GTRCM’s establishment creates “a means by which information, communication and knowledge can be disseminated and dispersed in real time,” Bartlett said. “The (GTRCM) will focus heavily on the critical elements that will make Jamaica and the Caribbean among the safest destinations in the world,” he added.

“The importance of this center cannot be overemphasized in a highly connected society, and one in which travel and tourism has grown and expanded and become such a global arrangement that it exceeds in size the petroleum industry in terms of its contribution to global economies,” said Bartlett. “At 10.4 percent of global GDP tourism stands out, providing in addition one in 10 jobs.”
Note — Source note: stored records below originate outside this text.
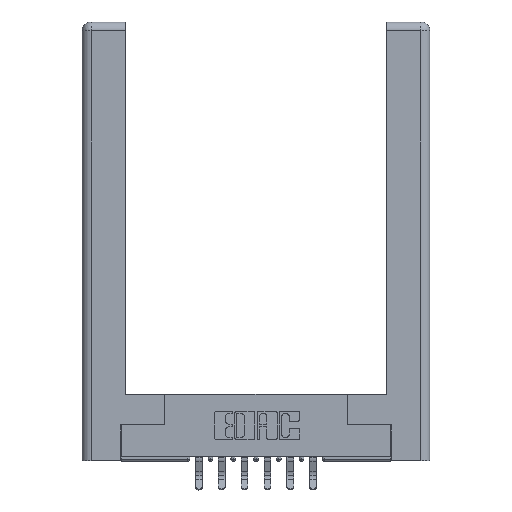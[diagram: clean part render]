
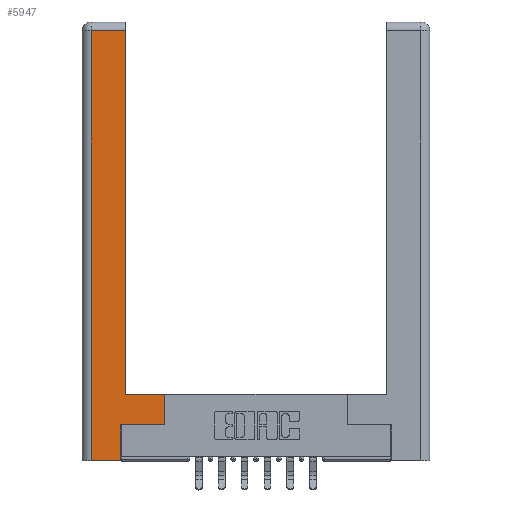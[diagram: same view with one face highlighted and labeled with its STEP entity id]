
A CAD part, top view. The second image highlights one B-rep face of the part: STEP entity #5947.
In plain terms, the highlighted planar face has unit normal (0, 0, 1).
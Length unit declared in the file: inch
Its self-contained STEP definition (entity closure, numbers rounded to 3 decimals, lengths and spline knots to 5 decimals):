
#170 = LINE ( 'NONE', #7879, #9179 ) ;
#372 = VERTEX_POINT ( 'NONE', #9273 ) ;
#459 = VECTOR ( 'NONE', #2563, 39.37008 ) ;
#655 = EDGE_CURVE ( 'NONE', #9267, #7644, #4956, .T. ) ;
#742 = LINE ( 'NONE', #1521, #12324 ) ;
#1290 = LINE ( 'NONE', #2088, #9099 ) ;
#1399 = CARTESIAN_POINT ( 'NONE',  ( 0.0615, 2.94, 0. ) ) ;
#1521 = CARTESIAN_POINT ( 'NONE',  ( 0.565, 0.45, 0. ) ) ;
#1921 = DIRECTION ( 'NONE',  ( 0., 1., 0. ) ) ;
#2088 = CARTESIAN_POINT ( 'NONE',  ( 0.0615, 0., 0. ) ) ;
#2410 = ORIENTED_EDGE ( 'NONE', *, *, #3195, .T. ) ;
#2563 = DIRECTION ( 'NONE',  ( 1., 0., 0. ) ) ;
#2817 = DIRECTION ( 'NONE',  ( -1., 0., 0. ) ) ;
#2878 = CARTESIAN_POINT ( 'NONE',  ( 0.565, 0.245, 0. ) ) ;
#3093 = VERTEX_POINT ( 'NONE', #12481 ) ;
#3104 = CARTESIAN_POINT ( 'NONE',  ( 0.265, 0.245, 0. ) ) ;
#3195 = EDGE_CURVE ( 'NONE', #8734, #3093, #742, .T. ) ;
#3366 = CARTESIAN_POINT ( 'NONE',  ( 0.0615, 2.94, 0. ) ) ;
#3802 = DIRECTION ( 'NONE',  ( 1., 0., 0. ) ) ;
#4095 = DIRECTION ( 'NONE',  ( 0., -1., 0. ) ) ;
#4119 = EDGE_CURVE ( 'NONE', #12215, #10569, #12639, .T. ) ;
#4338 = ORIENTED_EDGE ( 'NONE', *, *, #13658, .T. ) ;
#4956 = LINE ( 'NONE', #1399, #11591 ) ;
#5208 = EDGE_CURVE ( 'NONE', #3093, #8615, #170, .T. ) ;
#5459 = CARTESIAN_POINT ( 'NONE',  ( 0.265, 0., 0. ) ) ;
#5947 = ADVANCED_FACE ( 'NONE', ( #10552 ), #9223, .F. ) ;
#5974 = CARTESIAN_POINT ( 'NONE',  ( 0., 0., 0. ) ) ;
#6077 = CARTESIAN_POINT ( 'NONE',  ( 0.0615, 0., 0. ) ) ;
#7074 = LINE ( 'NONE', #11253, #8074 ) ;
#7123 = ORIENTED_EDGE ( 'NONE', *, *, #4119, .T. ) ;
#7644 = VERTEX_POINT ( 'NONE', #3366 ) ;
#7802 = EDGE_LOOP ( 'NONE', ( #4338, #12815, #9521, #7123, #9155, #8621, #2410, #12116 ) ) ;
#7874 = DIRECTION ( 'NONE',  ( -1., 0., 0. ) ) ;
#7879 = CARTESIAN_POINT ( 'NONE',  ( 0.295, 0.45, 0. ) ) ;
#8074 = VECTOR ( 'NONE', #11306, 39.37008 ) ;
#8615 = VERTEX_POINT ( 'NONE', #8681 ) ;
#8621 = ORIENTED_EDGE ( 'NONE', *, *, #13085, .T. ) ;
#8681 = CARTESIAN_POINT ( 'NONE',  ( 0.295, 0.45, 0. ) ) ;
#8734 = VERTEX_POINT ( 'NONE', #2878 ) ;
#9031 = AXIS2_PLACEMENT_3D ( 'NONE', #5974, #13430, #11356 ) ;
#9099 = VECTOR ( 'NONE', #4095, 39.37008 ) ;
#9155 = ORIENTED_EDGE ( 'NONE', *, *, #11943, .T. ) ;
#9179 = VECTOR ( 'NONE', #2817, 39.37008 ) ;
#9223 = PLANE ( 'NONE',  #9031 ) ;
#9267 = VERTEX_POINT ( 'NONE', #12093 ) ;
#9273 = CARTESIAN_POINT ( 'NONE',  ( 0.265, 0.245, 0. ) ) ;
#9521 = ORIENTED_EDGE ( 'NONE', *, *, #11023, .T. ) ;
#9849 = VECTOR ( 'NONE', #3802, 39.37008 ) ;
#10104 = CARTESIAN_POINT ( 'NONE',  ( 0.565, 0.245, 0. ) ) ;
#10157 = CARTESIAN_POINT ( 'NONE',  ( 0.265, 0., 0. ) ) ;
#10552 = FACE_OUTER_BOUND ( 'NONE', #7802, .T. ) ;
#10569 = VERTEX_POINT ( 'NONE', #5459 ) ;
#10878 = VECTOR ( 'NONE', #1921, 39.37008 ) ;
#11023 = EDGE_CURVE ( 'NONE', #7644, #12215, #1290, .T. ) ;
#11130 = DIRECTION ( 'NONE',  ( 0., 1., 0. ) ) ;
#11253 = CARTESIAN_POINT ( 'NONE',  ( 0.295, 3., 0. ) ) ;
#11306 = DIRECTION ( 'NONE',  ( 0., 1., 0. ) ) ;
#11356 = DIRECTION ( 'NONE',  ( -1., 0., 0. ) ) ;
#11591 = VECTOR ( 'NONE', #7874, 39.37008 ) ;
#11943 = EDGE_CURVE ( 'NONE', #10569, #372, #13709, .T. ) ;
#12093 = CARTESIAN_POINT ( 'NONE',  ( 0.295, 2.94, 0. ) ) ;
#12116 = ORIENTED_EDGE ( 'NONE', *, *, #5208, .T. ) ;
#12215 = VERTEX_POINT ( 'NONE', #6077 ) ;
#12324 = VECTOR ( 'NONE', #11130, 39.37008 ) ;
#12481 = CARTESIAN_POINT ( 'NONE',  ( 0.565, 0.45, 0. ) ) ;
#12639 = LINE ( 'NONE', #10157, #9849 ) ;
#12815 = ORIENTED_EDGE ( 'NONE', *, *, #655, .T. ) ;
#13085 = EDGE_CURVE ( 'NONE', #372, #8734, #13578, .T. ) ;
#13430 = DIRECTION ( 'NONE',  ( 0., 0., -1. ) ) ;
#13578 = LINE ( 'NONE', #10104, #459 ) ;
#13658 = EDGE_CURVE ( 'NONE', #8615, #9267, #7074, .T. ) ;
#13709 = LINE ( 'NONE', #3104, #10878 ) ;
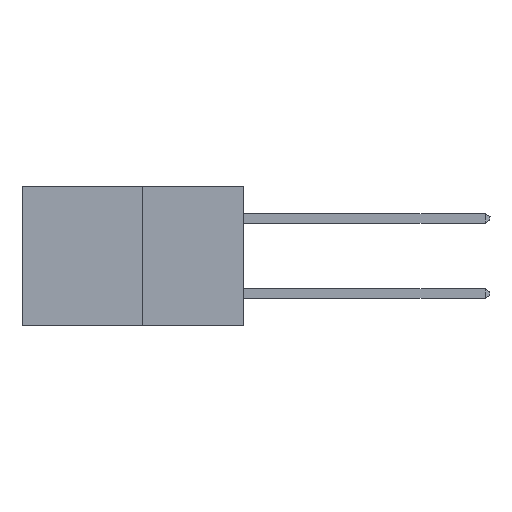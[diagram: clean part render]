
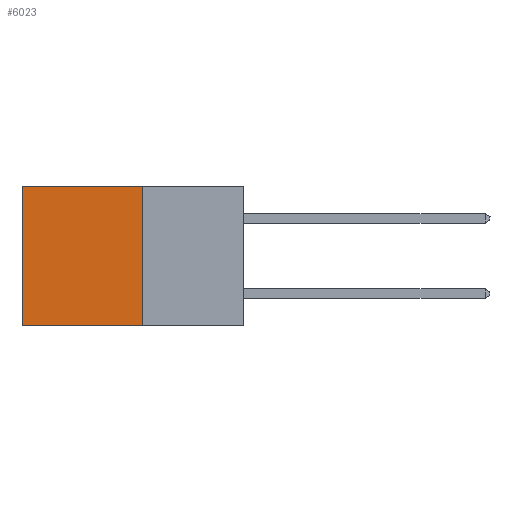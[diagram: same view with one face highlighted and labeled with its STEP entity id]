
A CAD part, left-side view. The second image highlights one B-rep face of the part: STEP entity #6023.
In plain terms, the highlighted planar face has unit normal (-1, 0, 0).
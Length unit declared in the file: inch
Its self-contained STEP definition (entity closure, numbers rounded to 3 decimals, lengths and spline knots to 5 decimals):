
#234 = LINE ( 'NONE', #10617, #17913 ) ;
#470 = CARTESIAN_POINT ( 'NONE',  ( 0.277, 0.59, 0. ) ) ;
#3264 = ORIENTED_EDGE ( 'NONE', *, *, #6652, .F. ) ;
#4503 = VECTOR ( 'NONE', #11356, 39.37008 ) ;
#4539 = EDGE_CURVE ( 'NONE', #24675, #15337, #20800, .T. ) ;
#5508 = EDGE_CURVE ( 'NONE', #15337, #24537, #234, .T. ) ;
#6023 = ADVANCED_FACE ( 'NONE', ( #10357 ), #23524, .F. ) ;
#6652 = EDGE_CURVE ( 'NONE', #19867, #24537, #10674, .T. ) ;
#6929 = DIRECTION ( 'NONE',  ( 0., 0., -1. ) ) ;
#7782 = CARTESIAN_POINT ( 'NONE',  ( 0.277, 0.27, -0.37 ) ) ;
#7894 = AXIS2_PLACEMENT_3D ( 'NONE', #23427, #23031, #22732 ) ;
#8801 = CARTESIAN_POINT ( 'NONE',  ( 0.277, 0.59, -0.37 ) ) ;
#9540 = VECTOR ( 'NONE', #28315, 39.37008 ) ;
#10357 = FACE_OUTER_BOUND ( 'NONE', #26568, .T. ) ;
#10535 = CARTESIAN_POINT ( 'NONE',  ( 0.277, 0.27, -0.37 ) ) ;
#10617 = CARTESIAN_POINT ( 'NONE',  ( 0.277, 0.59, -0.37 ) ) ;
#10674 = LINE ( 'NONE', #10535, #4503 ) ;
#10839 = ORIENTED_EDGE ( 'NONE', *, *, #24233, .F. ) ;
#11356 = DIRECTION ( 'NONE',  ( 0., 1., 0. ) ) ;
#11717 = LINE ( 'NONE', #14653, #9540 ) ;
#14653 = CARTESIAN_POINT ( 'NONE',  ( 0.277, 0.27, -0.37 ) ) ;
#14734 = VECTOR ( 'NONE', #24608, 39.37008 ) ;
#15337 = VERTEX_POINT ( 'NONE', #470 ) ;
#17913 = VECTOR ( 'NONE', #6929, 39.37008 ) ;
#18343 = CARTESIAN_POINT ( 'NONE',  ( 0.277, 0.27, 0. ) ) ;
#19867 = VERTEX_POINT ( 'NONE', #7782 ) ;
#20800 = LINE ( 'NONE', #23804, #14734 ) ;
#22732 = DIRECTION ( 'NONE',  ( 0., 0., -1. ) ) ;
#23031 = DIRECTION ( 'NONE',  ( 1., 0., 0. ) ) ;
#23427 = CARTESIAN_POINT ( 'NONE',  ( 0.277, 0.27, -0.37 ) ) ;
#23524 = PLANE ( 'NONE',  #7894 ) ;
#23804 = CARTESIAN_POINT ( 'NONE',  ( 0.277, 0.27, 0. ) ) ;
#24233 = EDGE_CURVE ( 'NONE', #24675, #19867, #11717, .T. ) ;
#24537 = VERTEX_POINT ( 'NONE', #8801 ) ;
#24608 = DIRECTION ( 'NONE',  ( 0., 1., 0. ) ) ;
#24675 = VERTEX_POINT ( 'NONE', #18343 ) ;
#25188 = ORIENTED_EDGE ( 'NONE', *, *, #5508, .T. ) ;
#25623 = ORIENTED_EDGE ( 'NONE', *, *, #4539, .T. ) ;
#26568 = EDGE_LOOP ( 'NONE', ( #25188, #3264, #10839, #25623 ) ) ;
#28315 = DIRECTION ( 'NONE',  ( 0., 0., -1. ) ) ;
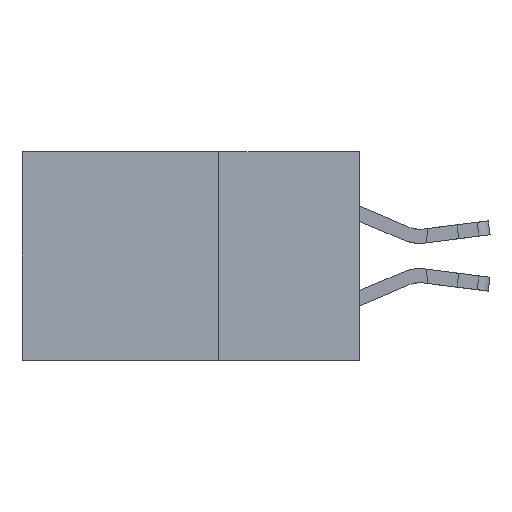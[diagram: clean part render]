
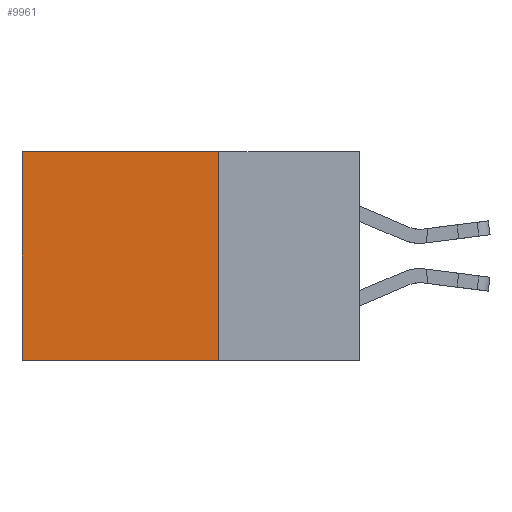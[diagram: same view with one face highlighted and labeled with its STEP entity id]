
A CAD part, left-side view. The second image highlights one B-rep face of the part: STEP entity #9961.
In plain terms, the highlighted planar face has unit normal (-1, 0, 0).
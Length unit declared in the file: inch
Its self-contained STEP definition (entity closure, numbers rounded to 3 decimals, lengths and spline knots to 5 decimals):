
#79 = CARTESIAN_POINT ( 'NONE',  ( 0.2875, 0.25, 0. ) ) ;
#720 = VECTOR ( 'NONE', #10055, 39.37008 ) ;
#1894 = VECTOR ( 'NONE', #3346, 39.37008 ) ;
#1968 = EDGE_LOOP ( 'NONE', ( #13521, #24953, #16055, #21061 ) ) ;
#2186 = CARTESIAN_POINT ( 'NONE',  ( 0.2875, 0.25, 0. ) ) ;
#2473 = DIRECTION ( 'NONE',  ( 1., 0., 0. ) ) ;
#2651 = DIRECTION ( 'NONE',  ( 0., 0., -1. ) ) ;
#2766 = VERTEX_POINT ( 'NONE', #79 ) ;
#3346 = DIRECTION ( 'NONE',  ( 0., 0., -1. ) ) ;
#3916 = EDGE_CURVE ( 'NONE', #12627, #11269, #5754, .T. ) ;
#4970 = EDGE_CURVE ( 'NONE', #2766, #12627, #13379, .T. ) ;
#5049 = DIRECTION ( 'NONE',  ( 0., 1., 0. ) ) ;
#5754 = LINE ( 'NONE', #10243, #720 ) ;
#6956 = LINE ( 'NONE', #16132, #1894 ) ;
#9049 = CARTESIAN_POINT ( 'NONE',  ( 0.2875, 0.25, 0. ) ) ;
#9431 = VECTOR ( 'NONE', #5049, 39.37008 ) ;
#9961 = ADVANCED_FACE ( 'NONE', ( #15158 ), #11182, .F. ) ;
#10055 = DIRECTION ( 'NONE',  ( 0., 0., -1. ) ) ;
#10243 = CARTESIAN_POINT ( 'NONE',  ( 0.2875, 0.6, 0. ) ) ;
#11131 = CARTESIAN_POINT ( 'NONE',  ( 0.2875, 0.25, -0.37 ) ) ;
#11182 = PLANE ( 'NONE',  #15504 ) ;
#11269 = VERTEX_POINT ( 'NONE', #24868 ) ;
#12627 = VERTEX_POINT ( 'NONE', #13634 ) ;
#13379 = LINE ( 'NONE', #2186, #21059 ) ;
#13521 = ORIENTED_EDGE ( 'NONE', *, *, #3916, .T. ) ;
#13634 = CARTESIAN_POINT ( 'NONE',  ( 0.2875, 0.6, 0. ) ) ;
#15014 = DIRECTION ( 'NONE',  ( 0., 1., 0. ) ) ;
#15158 = FACE_OUTER_BOUND ( 'NONE', #1968, .T. ) ;
#15504 = AXIS2_PLACEMENT_3D ( 'NONE', #9049, #2473, #2651 ) ;
#16055 = ORIENTED_EDGE ( 'NONE', *, *, #21404, .F. ) ;
#16132 = CARTESIAN_POINT ( 'NONE',  ( 0.2875, 0.25, 0. ) ) ;
#17006 = CARTESIAN_POINT ( 'NONE',  ( 0.2875, 0.25, -0.37 ) ) ;
#20986 = VERTEX_POINT ( 'NONE', #17006 ) ;
#21059 = VECTOR ( 'NONE', #15014, 39.37008 ) ;
#21061 = ORIENTED_EDGE ( 'NONE', *, *, #4970, .T. ) ;
#21404 = EDGE_CURVE ( 'NONE', #2766, #20986, #6956, .T. ) ;
#22075 = LINE ( 'NONE', #11131, #9431 ) ;
#24868 = CARTESIAN_POINT ( 'NONE',  ( 0.2875, 0.6, -0.37 ) ) ;
#24953 = ORIENTED_EDGE ( 'NONE', *, *, #25051, .F. ) ;
#25051 = EDGE_CURVE ( 'NONE', #20986, #11269, #22075, .T. ) ;

GTRCM is supported through a partnership that includes the World Travel & Tourism Council (WTTC), the Pacific Asia Travel Association, Travel Corporation, the Jamaica National Group, Mediterranean Tourism from Malta, Pacific Tourism Authority in Bangkok, the Tourism International Conference of Mauritius, the Crisis Management and Resilience Council in London and Global Rescue, said Bartlett.

GTRCM will initially focus on four specific areas: Climate change and disaster management; security and cybersecurity; entrepreneurial management and data analytics; and pandemic and epidemic management.

The organization is co-chaired by Dr. Taleb Rifai, former Secretary-General of the United Nations World Tourism Organization (UNWTO).

Rifai’s responsibilities include oversight of a coalition of academic partners including: Queensland University in Australia; The Hong Kong Polytechnic University; Bournemouth University in the United Kingdom; Northeastern University and George Washington University in the United States; the University of the West Indies; and the International University of Japan.

Kingston city in Jamaica sunset (photo via GummyBone / iStock / Getty Images Plus)
Kingston city in Jamaica sunset (photo via GummyBone / iStock / Getty Images Plus)

“The [GTRCM] being unveiled today is about travel and tourism,” said Rifai, “But first and foremost, the Center is really about people, and keeping them safe. We believe that Jamaica, our friends in the Caribbean and the rest of the world, will benefit from the research, best practices and benchmarks that will emerge from this important effort.”

GTRCM’s launch will “ensure that the [Caribbean will] continue to benefit from the economic, social, cultural and historic value of tourism, which is its primary income earner,” said Dominic Fedee, chairman of the Caribbean Tourism Organization (CTO) and Saint Lucia’s tourism minister.

“A lot has been said about the environmental challenges that hurricanes present but they are perhaps the single-largest threats to our economies,” Fedee said.

“The Caribbean Development Bank did a study years ago which showed that a large portion of the debt on the books of member countries is due to borrowing to rebuild infrastructure ravaged by storms and hurricanes,” Fedee added. “This has resulted in a high debt-to-GDP ratio in various member countries and consequently a serious constraint to growth.”

He also mentioned a World Bank study, which found disasters impact gross domestic product in developing states at a rate 20 times higher than in industrialized nations. “Of all the major industries globally, none face greater exposure to disruptions as the tourism industry, but it also has proven again and again that it has the greatest capacity for recovery,” said Andrew Holness, Jamaica’s prime minister.

“I am very pleased that Jamaica is leading this initiative and that, in the spirit of true collaboration and partnership, tourism in all nations will benefit from the strategic solutions emerging from the [GTRCM],” he added.